Having now shown that Robert fitz Roy was not yet Earl of Gloucester in April-May, 1121, I proceed to show that he was earl in June, 1123.
The charter by which I prove this is granted "apud Portesmudam in transfretatione meâ."[1259] It is dated in the thirty-first Report of the Deputy Keeper of the Records (in the calendar of these charters drawn up by the late Sir William Hardy) as "1115-1123." Its exact date can, however, be determined, and is 3-10 June, 1123. This I prove thus. The parties addressed are Theowulf, Bishop of Worcester (who died October 20, 1123), and Robert, Earl of Gloucester (who was not yet earl in April-May, 1121). These being the limits of date, the only occasion within these limits on which the king "transfretavit" was in June, 1123. And we learn from the Anglo-Saxon Chronicle that the king, on that occasion, was at Portsmouth, waiting to cross, all Pentecost week (June 3-10). This is conclusive.

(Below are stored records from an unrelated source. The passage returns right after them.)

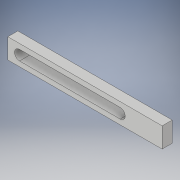
# Autodesk Inventor part: creat3
Saved by Autodesk Inventor 2019 (Build 230136000, 136)
## iProperties
Created: 2021-11-12
Part Number: creat3
Material: 一般
Document SubType Name: Sheet Metal
Designer: yuta
Density: 1 g/cm^3
Sheet Metal Rule: Default_mm
Appearance: 既定
Author: yuta
Autodesk Inventor part; units mm, degrees
ref_plane "YZ Plane" through (0, 0, 0) normal (1, 0, 0) x (0, 1, 0)
ref_plane "XZ Plane" through (0, 0, 0) normal (0, 1, 0) x (-1, 0, 0)
ref_plane "XY Plane" through (0, 0, 0) normal (0, 0, 1) x (1, 0, 0)
sketch "スケッチ1" plane through (0, 0, 0) normal (0, 0, 1) x (1, 0, 0)
  line L0 (-25.7132, 3.9746) -> (20.2868, 3.9746)
  line L1 (20.2868, 3.9746) -> (20.2868, -2.0254)
  line L2 (20.2868, -2.0254) -> (-25.7132, -2.0254)
  line L3 (-25.7132, -2.0254) -> (-25.7132, 3.9746)
  point P0 (0, 0)
  dimension "d0" = 46
  dimension "d1" = 6
  constraints: 8 end point, 2 parallel, 1 horizontal, 1 perpendicular
  measures "d0" distance of L1.end L2.end
  measures "d1" distance of L0.end L1.end
extrude "押し出し1" add sketch "スケッチ1" along normal blind 3
sketch "スケッチ2" plane through (0, 0, 3) normal (0, 0, 1) x (1, 0, 0)
  line L0 (-22.2132, 0.9746) -> (7.7868, 0.9746) construction
  line L1 (-22.2132, -0.5254) -> (7.7868, -0.5254)
  line L2 (7.7868, 2.4746) -> (-22.2132, 2.4746)
  arc A0 (-22.2132, 2.4746) -> (-22.2132, -0.5254) centre (-22.2132, 0.9746) ccw
  arc A1 (7.7868, -0.5254) -> (7.7868, 2.4746) centre (7.7868, 0.9746) ccw
  line L3 (-25.7132, 3.9746) -> (-25.7132, -2.0254) projected
  line L4 (20.2868, 3.9746) -> (-25.7132, 3.9746) projected
  point P0 (0, 0)
  point P1 (-7.2132, 0.9746)
  dimension "d4" = 30
  dimension "d5" = 3
  dimension "d6" = 3.5
  dimension "d7" = 3
  constraints: 8 end point, 4 point on circle, 4 tangent, 2 centre point, 1 horizontal, 1 midpoint, 1 parallel
  measures "d4" distance of L0.start L0.end
  measures "d5" diameter of A1
  measures "d6" distance from line of L3 L0.start
  measures "d7" distance from line of L4 L0.start
extrude "押し出し2" cut sketch "スケッチ2" against normal blind 3
equation "\"BendRadius\" = Thickness"
equation "\"BendReliefWidth\" = Thickness"
equation "\"BendReliefDepth\" = 0.5 * Thickness"
equation "\"CornerReliefSize\" = 4 * Thickness"
equation "\"MinimumRemnant\" = 2 * Thickness"
equation "\"TransitionRadius\" = BendRadius"
equation "\"JacobiRadiusSize\" = BendRadius"
equation "\"GapSize\" = Thickness"
equation "\"Thickness\" = 0.5"
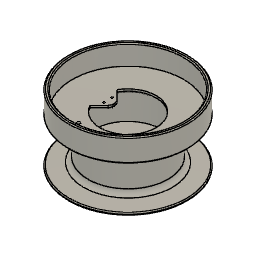
Windlass Drum v1 (Autodesk Fusion 360 design; units mm, degrees)
Autodesk Fusion 360 part; units mm, degrees
sketch "Sketch1" plane through (0, 0, 0) normal (0, 1, 0) x (1, 0, 0) in component "Windlass drum"
  circle A0 centre (0, 0) radius 75.565
  circle A1 centre (0, 0) radius 6.35
  circle A2 centre (0, 0) radius 31.369
  dimension "d1" = 151.13
  dimension "d2" = 12.7
  dimension "d3" = 62.738
  constraint coincident A0.centre A1.centre
  measures "d1" diameter of A0
  measures "d2" diameter of A1
  measures "d3" diameter of A2
extrude "Extrude1" add sketch "Sketch1" along normal blind 86.8172 contours A0 | A1 | A2 makes body 1 in component "Windlass drum"
extrude "Extrude2" cut sketch "Sketch1" along normal blind 9.525 contours A2 bodies 1 in component "Windlass drum"
extrude "Extrude3" cut sketch "Sketch1" along normal through all contours A1 bodies 1 in component "Windlass drum"
sketch "Sketch2" plane through (0, 86.8172, 0) normal (0, 1, 0) x (-1, 0, 0) in component "Windlass drum"
  circle A0 centre (0, 0) radius 6.35
  circle A1 centre (0, 0) radius 75.565
  circle A2 centre (0, 0) radius 70.8025
  circle A3 centre (0, 0) radius 42.8625
  circle A4 centre (0, 0) radius 47.625
  dimension "d9" = 141.605
  dimension "d10" = 85.725
  dimension "d11" = 95.25
  constraint concentric A0 A2
  constraint concentric A2 A3
  constraint concentric A2 A4
  measures "d9" diameter of A2
  measures "d10" diameter of A3
  measures "d11" diameter of A4
extrude "Extrude4" cut sketch "Sketch2" against normal blind 25.4 contours A0 | A2 | A3 | A4 bodies 1 in component "Windlass drum"
extrude "Extrude5" cut sketch "Sketch2" against normal blind 66.3702 contours A0 | A3 bodies 1 in component "Windlass drum"
sketch "Sketch3" plane through (0, 0, 0) normal (1, 0, 0) x (0, 0, -1) in component "Windlass drum"
  line L0 (75.565, 0) -> (-75.565, 0)
  line L1 (70.8025, 86.8172) -> (-70.8025, 86.8172)
  line L2 (75.565, 86.8172) -> (-75.565, 86.8172)
  line L3 (0, 86.8172) -> (0, 0) construction
  line L4 (50.8, 86.8172) -> (50.8, 0) construction
  line L5 (-50.8, 86.8172) -> (-50.8, 0) construction
  line L6 (75.565, 57.6072) -> (50.8, 53.7972)
  line L7 (75.565, 3.048) -> (50.8, 6.858)
  line L8 (50.8, 53.7972) -> (50.8, 6.858)
  line L9 (75.565, 57.6072) -> (75.565, 86.8172)
  line L10 (75.565, 3.048) -> (75.565, 0)
  line L11 (75.565, 57.6072) -> (75.565, 3.048)
  point P0 (0, 86.8172)
  point P1 (75.565, 3.048)
  point P2 (75.565, 57.6072)
  point P3 (50.8, 6.858)
  dimension "d18" = 50.8
  dimension "d19" = 50.8
  dimension "d20" = 3.048
  dimension "d21" = 29.21
  dimension "d23" = 3.81
  dimension "d24" = 3.81
  constraint coincident P0 L3.start
  constraint coincident L3.end origin
  constraint coincident L1 L4.start
  constraint coincident L0 L4.end
  constraint perpendicular L0 L4
  constraint coincident L2 L5.start
  constraint coincident L0 L5.end
  constraint perpendicular L0 L5
  constraint vertical P1 P2
  constraint coincident L4 P3
  constraint coincident P2 L6.start
  constraint coincident L4 L6.end
  constraint coincident P1 L7.start
  constraint coincident P3 L7.end
  constraint parallel L4 L8
  constraint coincident L2.start L9.end
  constraint perpendicular L2 L9
  constraint coincident L0.start L10.end
  measures "d18" distance of L3 L4
  measures "d19" distance of L3 L5
  measures "d20" distance of L0 P1
  measures "d21" distance of L2.start P2
  measures "d23" vertical distance of P2 L6.end
  measures "d24" vertical distance of P1 P3
revolve "Revolve1" cut sketch "Sketch3" angle 360 about axis through (0, 0, 0) along (0, -1, 0) bodies 1 in component "Windlass drum"
sketch "Sketch4" plane through (0, 61.4172, 0) normal (0, 1, 0) x (-1, 0, 0) in component "Windlass drum"
  circle A0 centre (0, 0) radius 70.8025
  circle A1 centre (25.4, 0) radius 3.3734
  circle A2 centre (0, 0) radius 6.35
  circle A3 centre (0, 0) radius 42.8625
  circle A4 centre (0, 0) radius 47.625
  line L0 (0, 0, 25.4) -> (0, 0, -61.4172)
  circle A5 centre (19.05, 43.649) radius 2.0193
  line L1 (0, 70.8025) -> (0, -70.8025) construction
  circle A6 centre (-19.05, 43.649) radius 2.0193
  circle A7 centre (0, 61.9125) radius 6.35
  circle A8 centre (0, 0) radius 35.56
  line L2 (17.78, 1.1797) -> (17.78, -30.7959)
  circle A9 centre (25.4, 5.08) radius 1.27
  circle A10 centre (25.4, -5.08) radius 1.27
  line L3 (25.4, 9.1096) -> (25.4, -10.3282) construction
  line L4 (19.6399, 5.6699) -> (31.1401, 17.1701)
  line L5 (17.78, 3.81) -> (35.6219, 3.81) construction
  arc A11 (19.6399, 5.6699) -> (17.78, 1.1797) centre (24.13, 1.1797) ccw
  line L6 (-2.5, 0) -> (-20, 0)
  line L7 (19.6399, -5.6699) -> (31.1401, -17.1701)
  arc A12 (17.78, -1.1797) -> (19.6399, -5.6699) centre (24.13, -1.1797) ccw
  line L8 (17.78, -1.1797) -> (17.78, 30.7959)
  dimension "d26" = 6.7469
  dimension "d27" = 25.4
  dimension "d28" = 4.0386
  dimension "d29" = 19.05
  dimension "d30" = 12.7
  dimension "d31" = 8.89
  dimension "d57" = 25.4
  dimension "d58" = 95.25
  dimension "d59" = 71.12
  dimension "d60" = 17.78
  dimension "d61" = 2.54
  dimension "d62" = 2.54
  dimension "d64" = 5.08
  dimension "d65" = 45
  dimension "d66" = 6.35
  dimension "d73" = 5.08
  constraint coincident A4 A5.centre
  constraint coincident A0 L1.start
  constraint coincident A0 L1.end
  constraint vertical L1
  constraint symmetric A5 L1 A6
  constraint coincident L1 A7.centre
  constraint concentric A4 A8
  constraint coincident A8 L2.end
  constraint parallel L1 L2
  constraint vertical L3
  constraint coincident A9.centre L3
  constraint coincident A10.centre L3
  constraint horizontal L5
  constraint coincident L2 L5.start
  constraint coincident A8 L4.end
  constraint coincident L5.start L4
  constraint tangent L4 A11
  constraint tangent L2 A11
  constraint symmetric L2.end L6 L8.end
  constraint symmetric L4.end L6 L7.end
  constraint symmetric L4.start L6 L7.start
  constraint symmetric L2.start L6 A12.start
  constraint symmetric A11 L6 A12
  measures "d26" diameter of A1
  measures "d28" diameter of A5
  measures "d29" distance of A5.centre L1
  measures "d30" diameter of A7
  measures "d31" distance of L1.start A7.centre
  measures "d57" distance of A0.centre A1.centre
  measures "d58" diameter of A4
  measures "d59" diameter of A8
  measures "d60" distance of A0.centre L2
  measures "d61" diameter of A9
  measures "d62" diameter of A10
  measures "d64" distance of A1.centre A10.centre
  measures "d65" angle of L4 L5
  measures "d66" radius of A11
  measures "d73" vertical distance of A9.centre A0.centre
extrude "Extrude7" cut sketch "Sketch4" against normal blind 10.922 contours A7 bodies 1 in component "Windlass drum"
extrude "Extrude8" cut sketch "Sketch4" against normal blind 64.77 contours A1 bodies 1 in component "Windlass drum"
extrude "Extrude9" cut sketch "Sketch4" against normal blind 25.4 contours A4 A5 | A4 A5 | A4 A6 | A4 A6 bodies 1 in component "Windlass drum"
fillet "Fillet1" radius 6.35 2 edges at (-47.3622, 6.858, -18.3701) (-47.3622, 53.7972, -18.3701) on bodies 1 in component "Windlass drum"
fillet "Fillet2" radius 1.27 2 edges at (-70.4513, 86.8172, 27.3255) (66.0111, 86.8172, 25.6033) on bodies 1 in component "Windlass drum"
fillet "Fillet3" radius 1.27 3 edges at (-70.4513, 57.6072, 27.3255) (-70.4513, 3.048, -27.3255) (-70.4513, 0, 27.3255) on bodies 1 in component "Windlass drum"
fillet "Fillet4" radius 2.54 4 edges at (5.9203, 61.4172, 64.2088) (0.0137, 54.4978, 55.5625) (-3.1809, 56.3637, 67.4071) (5.1414, 54.9687, 58.1882) on bodies 1 in component "Windlass drum"
ref_plane "WorkPlane1" through (0, 20.447, 0) normal (0, 1, 0) x (0, 0, 1)
ref_plane "WorkPlane2" through (0, 61.4172, 0) normal (0, 1, 0) x (0, 0, 1)
split "Split1" by plane through (0, 20.447, 0) normal (0, 1, 0) bodies 1 makes body 2 at (0, 76.5971, -75.565) in component "Windlass drum"
split "Split2" by plane through (0, 61.4172, 0) normal (0, 1, 0) bodies 2 makes body 3 at (75.1895, 69.4605, -7.5238) in component "Windlass drum"
sketch "Sketch1 (2)" plane through (0, 0, 0) normal (1, 0, 0) x (0, 0, -1)
  line L0 (-50.8, 12.3058) -> (50.8, 12.3058)
  line L1 (50.8, 20.447) -> (-50.8, 20.447)
  line L2 (-50.8, 20.447) -> (-46.482, 20.447)
  line L3 (-46.482, 20.447) -> (-46.482, 12.3058)
  line L4 (-46.482, 12.3058) -> (-50.8, 12.3058)
  line L5 (-50.8, 12.3058) -> (-50.8, 20.447)
  line L6 (-46.5101, 20.447) -> (-46.6709, 12.3058)
  line L7 (75.565, 61.4172) -> (-75.565, 61.4172)
  line L8 (75.565, 85.5472) -> (-75.565, 85.5472)
  line L9 (-75.565, 61.4172) -> (-73.025, 61.4172)
  line L10 (-73.025, 61.4172) -> (-73.025, 58.6988)
  line L11 (-73.025, 58.6988) -> (-75.565, 58.6988)
  line L12 (-75.565, 58.6988) -> (-75.565, 61.4172)
  line L13 (-73.0322, 61.4172) -> (-73.0909, 58.6988)
  dimension "d50" = 4.318
  dimension "d53" = 2.54
  dimension "d54" = 2.7184
  constraint horizontal L2
  constraint vertical L3
  constraint horizontal L4
  constraint vertical L5
  constraint coincident L1.end L2.start
  constraint coincident L1 L6.start
  constraint coincident L0 L6.end
  constraint coincident L4 L6.end
  constraint horizontal L9
  constraint vertical L10
  constraint horizontal L11
  constraint vertical L12
  constraint coincident L7.end L9.start
  constraint coincident L7 L13.start
  constraint coincident L11 L13.end
  measures "d50" distance of L1.end L2.end
  measures "d53" distance of L7.end L9.end
  measures "d54" distance of L7.end L11.end
revolve "Revolve2" cut sketch "Sketch1 (2)" angle 360 about axis through (0, 1.75, 0) along (0, 1, 0) contours L0 L1 L2 L4 L5 L6 | L0 L1 L2 L3 L4 L6 bodies 1 in component "Windlass drum"
revolve "Revolve3" add sketch "Sketch1 (2)" angle 360 about axis through (0, 1.75, 0) along (0, 1, 0) contours L0 L1 L2 L4 L5 L6 bodies 2 in component "Windlass drum"
revolve "Revolve4" cut sketch "Sketch1 (2)" angle 360 about axis through (0, 1.75, 0) along (0, 1, 0) contours L7 L9 L10 L11 L13 | L7 L9 L11 L12 L13 bodies 2 in component "Windlass drum"
revolve "Revolve5" add sketch "Sketch1 (2)" angle 360 about axis through (0, 1.75, 0) along (0, 1, 0) contours L7 L9 L11 L12 L13 bodies 3 in component "Windlass drum"
extrude "Extrude10" add sketch "Sketch4" against normal blind 5.08 contours A1 | A3 | A8 L2 L4 A11 L7 A12 L8 bodies 2 in component "Windlass drum"
fillet "Fillet6" radius 2.54 6 edges at (35.56, 56.3372, 0) (-25.39, 56.3372, -11.42) (-18.2634, 56.3372, -3.6098) (-17.78, 56.3372, 0) (-18.2634, 56.3372, 3.6098) (-25.39, 56.3372, 11.42) on bodies 2 in component "Windlass drum"
component "Windlass drum" placed x (1, 0, 0) y (0, 1, 0) z (0, 0, 1) at (0, 0, 0)
equation "d19 = d18"
equation "d26 = ( 17 / 64 ) * 1 in"
equation "d64 = d73"
named bodies: "Windlass drum inner", "Windlass drum outer", "Windlass drum rim"

It is certain, therefore, that Robert fitz Roy received the earldom of Gloucester between April-May, 1121, and June, 1123. We may even reduce this limit if we can trust a charter in the Register of St. Osmund (i. 382) which is absurdly assigned in the Rolls edition to circ. 1109. The occurrence of Robert, Earl of Leicester, proves that it must be subsequent to his father's death in 1118, and consequently (as the charter is tested at Westminster) to the king's return in 1120. Again, as Bishop Robert of Lincoln witnesses the charter, it must be previous to his death, January 10, 1123, But as the king had not been at Westminster for some time before that, it cannot be placed later than 1122. Now, we have seen that in April-May, 1121, Robert was not yet Earl of Gloucester; consequently, this charter must belong to the period between that date and the close of 1122. It is, therefore, the earliest mention, as yet known to me, of Robert as Earl of Gloucester. As we increase our knowledge of the charters of this reign we shall doubtless be able to narrow further the limit I have thus ascertained.